30代の頃に、江戸時代のすごろくやおもちゃ絵の妖怪と出会ったことがきっかけです。それまで抱いていた怖い妖怪のイメージとは違い、愛らしい、親しみやすい妖怪で、その点に興味を持ちました。江戸時代に入ってから木版印刷の発達によって、一般の人でも入手可能な印刷物がつくられるようになり、人間に近い友達感覚の妖怪が増えていきました。

今と当時とでは妖怪をとりまく状況は違いましたか?

違いました。今のように毎年妖怪に関する展覧会が開かれることはなく、ちょうどそのような機運が芽生えてきたときでした。博物館として妖怪に関するものを発掘し、研究、保存して後世に残そうとする活動はまだありませんでした。研究をするなかで、そのようなことが重要だと思い始め、現在の妖怪博物館(湯本豪一記念日本妖怪博物館[三次もののけミュージアム])に至る、収集と研究の活動が始まりました。

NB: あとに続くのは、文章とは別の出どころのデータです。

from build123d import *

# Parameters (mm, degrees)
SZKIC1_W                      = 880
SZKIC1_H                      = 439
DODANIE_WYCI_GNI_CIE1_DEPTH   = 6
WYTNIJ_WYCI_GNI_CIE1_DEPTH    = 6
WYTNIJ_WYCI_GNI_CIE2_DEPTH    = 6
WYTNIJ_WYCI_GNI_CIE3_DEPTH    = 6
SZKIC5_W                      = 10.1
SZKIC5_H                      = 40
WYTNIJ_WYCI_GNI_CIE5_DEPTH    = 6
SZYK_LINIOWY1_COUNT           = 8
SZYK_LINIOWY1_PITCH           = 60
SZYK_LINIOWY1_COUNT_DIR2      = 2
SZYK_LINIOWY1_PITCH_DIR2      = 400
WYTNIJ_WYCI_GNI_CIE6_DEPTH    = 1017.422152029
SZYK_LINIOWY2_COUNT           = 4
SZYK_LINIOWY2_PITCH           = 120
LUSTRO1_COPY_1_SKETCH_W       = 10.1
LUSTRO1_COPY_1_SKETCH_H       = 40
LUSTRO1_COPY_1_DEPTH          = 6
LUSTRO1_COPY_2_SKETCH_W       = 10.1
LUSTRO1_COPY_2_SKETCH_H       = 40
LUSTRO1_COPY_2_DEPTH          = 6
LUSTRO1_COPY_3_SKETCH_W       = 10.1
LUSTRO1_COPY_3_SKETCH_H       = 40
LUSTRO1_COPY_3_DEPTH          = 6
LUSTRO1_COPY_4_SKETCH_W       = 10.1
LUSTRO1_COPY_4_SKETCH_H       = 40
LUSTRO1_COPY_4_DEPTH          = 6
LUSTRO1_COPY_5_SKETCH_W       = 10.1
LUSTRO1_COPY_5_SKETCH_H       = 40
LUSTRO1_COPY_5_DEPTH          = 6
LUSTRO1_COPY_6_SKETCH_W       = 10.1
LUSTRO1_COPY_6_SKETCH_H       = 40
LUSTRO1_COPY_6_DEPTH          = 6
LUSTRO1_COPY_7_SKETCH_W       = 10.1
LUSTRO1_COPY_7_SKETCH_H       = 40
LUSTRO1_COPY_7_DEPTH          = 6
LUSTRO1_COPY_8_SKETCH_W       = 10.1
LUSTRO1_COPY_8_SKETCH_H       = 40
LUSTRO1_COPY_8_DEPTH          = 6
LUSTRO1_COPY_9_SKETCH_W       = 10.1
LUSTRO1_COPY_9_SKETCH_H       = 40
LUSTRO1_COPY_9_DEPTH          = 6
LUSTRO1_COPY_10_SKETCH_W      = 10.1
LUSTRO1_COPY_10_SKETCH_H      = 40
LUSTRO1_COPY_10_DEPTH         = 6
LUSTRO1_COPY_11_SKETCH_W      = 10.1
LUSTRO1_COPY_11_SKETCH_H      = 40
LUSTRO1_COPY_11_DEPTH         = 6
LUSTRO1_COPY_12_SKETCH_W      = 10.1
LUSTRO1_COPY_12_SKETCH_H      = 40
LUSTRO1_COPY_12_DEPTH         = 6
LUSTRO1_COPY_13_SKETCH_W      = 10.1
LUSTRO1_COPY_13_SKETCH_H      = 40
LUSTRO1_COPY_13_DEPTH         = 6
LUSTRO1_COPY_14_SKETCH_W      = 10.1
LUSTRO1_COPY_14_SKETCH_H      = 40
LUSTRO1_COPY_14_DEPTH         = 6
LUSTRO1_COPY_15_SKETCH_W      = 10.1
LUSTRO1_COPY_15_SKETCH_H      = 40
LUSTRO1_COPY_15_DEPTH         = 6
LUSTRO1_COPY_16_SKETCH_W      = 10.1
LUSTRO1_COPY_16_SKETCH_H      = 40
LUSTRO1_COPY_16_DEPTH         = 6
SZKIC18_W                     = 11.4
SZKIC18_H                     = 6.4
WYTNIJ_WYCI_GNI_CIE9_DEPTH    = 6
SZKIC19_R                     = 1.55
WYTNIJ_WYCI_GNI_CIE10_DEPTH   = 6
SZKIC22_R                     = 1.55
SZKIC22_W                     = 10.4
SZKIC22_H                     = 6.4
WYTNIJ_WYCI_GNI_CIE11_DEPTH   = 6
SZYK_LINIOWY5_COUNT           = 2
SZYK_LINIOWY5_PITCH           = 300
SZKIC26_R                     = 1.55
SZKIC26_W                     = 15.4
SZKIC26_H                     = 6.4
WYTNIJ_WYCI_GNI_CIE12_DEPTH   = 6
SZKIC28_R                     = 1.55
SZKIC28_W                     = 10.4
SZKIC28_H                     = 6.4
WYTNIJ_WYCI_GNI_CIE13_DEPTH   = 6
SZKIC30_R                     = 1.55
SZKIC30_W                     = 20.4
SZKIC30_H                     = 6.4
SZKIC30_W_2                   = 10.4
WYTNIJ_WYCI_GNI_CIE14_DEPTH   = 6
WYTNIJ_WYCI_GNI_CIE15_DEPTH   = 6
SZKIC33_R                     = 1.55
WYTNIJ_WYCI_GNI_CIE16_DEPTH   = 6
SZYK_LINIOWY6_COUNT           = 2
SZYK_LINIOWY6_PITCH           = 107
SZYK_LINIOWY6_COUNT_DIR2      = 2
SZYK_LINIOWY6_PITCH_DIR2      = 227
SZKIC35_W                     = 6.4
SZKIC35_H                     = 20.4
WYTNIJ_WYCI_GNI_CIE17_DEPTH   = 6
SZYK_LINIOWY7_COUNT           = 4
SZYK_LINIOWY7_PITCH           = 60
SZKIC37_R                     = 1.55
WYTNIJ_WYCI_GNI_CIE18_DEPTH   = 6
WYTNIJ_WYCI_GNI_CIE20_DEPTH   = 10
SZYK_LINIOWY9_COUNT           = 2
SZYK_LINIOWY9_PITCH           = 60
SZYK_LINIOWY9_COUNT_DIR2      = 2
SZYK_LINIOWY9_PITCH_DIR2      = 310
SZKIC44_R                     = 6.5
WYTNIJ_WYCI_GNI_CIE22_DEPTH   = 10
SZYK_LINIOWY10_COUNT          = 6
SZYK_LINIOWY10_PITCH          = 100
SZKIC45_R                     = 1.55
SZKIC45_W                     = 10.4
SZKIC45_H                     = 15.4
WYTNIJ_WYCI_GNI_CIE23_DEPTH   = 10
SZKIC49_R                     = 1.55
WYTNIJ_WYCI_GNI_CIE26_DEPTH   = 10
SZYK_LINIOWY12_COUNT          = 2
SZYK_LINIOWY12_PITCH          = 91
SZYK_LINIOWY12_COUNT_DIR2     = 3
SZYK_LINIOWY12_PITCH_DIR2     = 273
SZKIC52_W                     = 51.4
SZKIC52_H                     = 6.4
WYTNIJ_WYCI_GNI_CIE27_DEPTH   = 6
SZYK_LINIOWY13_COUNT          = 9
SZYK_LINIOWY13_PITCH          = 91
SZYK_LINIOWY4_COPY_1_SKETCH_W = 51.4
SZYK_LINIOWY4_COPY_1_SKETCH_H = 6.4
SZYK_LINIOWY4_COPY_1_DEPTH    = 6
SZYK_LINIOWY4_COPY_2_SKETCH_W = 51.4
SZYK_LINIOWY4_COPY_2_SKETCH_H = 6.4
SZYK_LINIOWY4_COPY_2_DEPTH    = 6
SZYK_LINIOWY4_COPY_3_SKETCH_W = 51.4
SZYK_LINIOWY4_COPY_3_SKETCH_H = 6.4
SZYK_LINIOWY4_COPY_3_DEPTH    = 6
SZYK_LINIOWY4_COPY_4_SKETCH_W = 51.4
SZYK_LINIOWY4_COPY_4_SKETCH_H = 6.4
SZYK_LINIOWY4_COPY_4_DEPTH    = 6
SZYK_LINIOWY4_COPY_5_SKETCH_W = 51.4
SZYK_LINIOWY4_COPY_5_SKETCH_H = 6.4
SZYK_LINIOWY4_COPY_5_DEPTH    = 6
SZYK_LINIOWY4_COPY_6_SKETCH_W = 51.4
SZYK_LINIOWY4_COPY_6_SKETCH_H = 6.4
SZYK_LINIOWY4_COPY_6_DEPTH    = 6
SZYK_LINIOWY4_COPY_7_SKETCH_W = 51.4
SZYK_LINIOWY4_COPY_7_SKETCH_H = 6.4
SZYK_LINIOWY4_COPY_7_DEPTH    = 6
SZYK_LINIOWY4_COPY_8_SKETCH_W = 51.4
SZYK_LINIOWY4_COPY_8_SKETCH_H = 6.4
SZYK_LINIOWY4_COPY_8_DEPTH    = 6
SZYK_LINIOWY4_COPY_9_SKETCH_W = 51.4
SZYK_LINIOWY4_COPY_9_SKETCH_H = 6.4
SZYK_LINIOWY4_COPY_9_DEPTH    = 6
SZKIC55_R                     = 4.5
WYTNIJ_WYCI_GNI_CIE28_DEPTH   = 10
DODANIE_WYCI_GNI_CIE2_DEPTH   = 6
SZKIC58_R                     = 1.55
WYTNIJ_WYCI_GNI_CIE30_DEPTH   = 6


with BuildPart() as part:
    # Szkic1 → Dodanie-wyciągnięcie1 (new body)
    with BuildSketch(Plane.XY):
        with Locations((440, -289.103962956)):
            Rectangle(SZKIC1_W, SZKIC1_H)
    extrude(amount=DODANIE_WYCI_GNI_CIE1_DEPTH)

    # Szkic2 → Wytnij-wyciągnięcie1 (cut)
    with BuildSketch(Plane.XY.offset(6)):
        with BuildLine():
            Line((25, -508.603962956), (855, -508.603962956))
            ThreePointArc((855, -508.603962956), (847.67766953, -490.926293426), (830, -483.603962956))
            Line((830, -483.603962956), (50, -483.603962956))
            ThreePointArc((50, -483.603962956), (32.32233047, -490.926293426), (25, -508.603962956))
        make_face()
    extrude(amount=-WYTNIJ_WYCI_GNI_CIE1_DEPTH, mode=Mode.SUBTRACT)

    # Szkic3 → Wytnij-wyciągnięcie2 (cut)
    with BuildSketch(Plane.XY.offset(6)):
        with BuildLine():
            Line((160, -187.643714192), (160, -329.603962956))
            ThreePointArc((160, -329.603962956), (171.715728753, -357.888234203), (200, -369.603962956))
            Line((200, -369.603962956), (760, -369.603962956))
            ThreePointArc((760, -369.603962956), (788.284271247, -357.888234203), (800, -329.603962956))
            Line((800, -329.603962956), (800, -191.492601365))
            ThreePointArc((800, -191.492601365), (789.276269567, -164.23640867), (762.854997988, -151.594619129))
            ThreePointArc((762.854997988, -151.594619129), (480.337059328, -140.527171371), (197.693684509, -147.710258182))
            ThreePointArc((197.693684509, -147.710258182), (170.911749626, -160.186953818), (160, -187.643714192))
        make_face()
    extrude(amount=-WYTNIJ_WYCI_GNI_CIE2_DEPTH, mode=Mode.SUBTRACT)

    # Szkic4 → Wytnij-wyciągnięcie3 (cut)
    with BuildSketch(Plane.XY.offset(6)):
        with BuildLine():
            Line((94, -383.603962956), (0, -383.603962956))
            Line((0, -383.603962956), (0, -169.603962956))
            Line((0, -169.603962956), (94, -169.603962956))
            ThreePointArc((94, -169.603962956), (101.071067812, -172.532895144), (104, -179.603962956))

この博物館には、湯本さんの妖怪コレクションが寄贈されていますが、妖怪の名を冠した博物館としては、日本初のものですか?

イベント施設や見世物的なものであれば、妖怪という名前を使った博物館はありましたが、博物館法の趣旨にのっとったかたちでの、後世に保存し展示する社会教育施設としての博物館は日本初になります。

なぜ広島県・三次市にコレクションを寄贈したのですか?

私は三次の出身ではありませんが、三次は「稲生物怪録」という、江戸時代中期の妖怪物語の舞台で、その調査に行った30年ほど前から三次との付き合いがありました。その後、三次市から、町おこしとしての博物館をつくりたいという話がありまして、イベント施設ではなく、後世に残すためのちゃんとした博物館ができるのならという条件を伝え、合意しましたので、コレクションを寄贈することになりました。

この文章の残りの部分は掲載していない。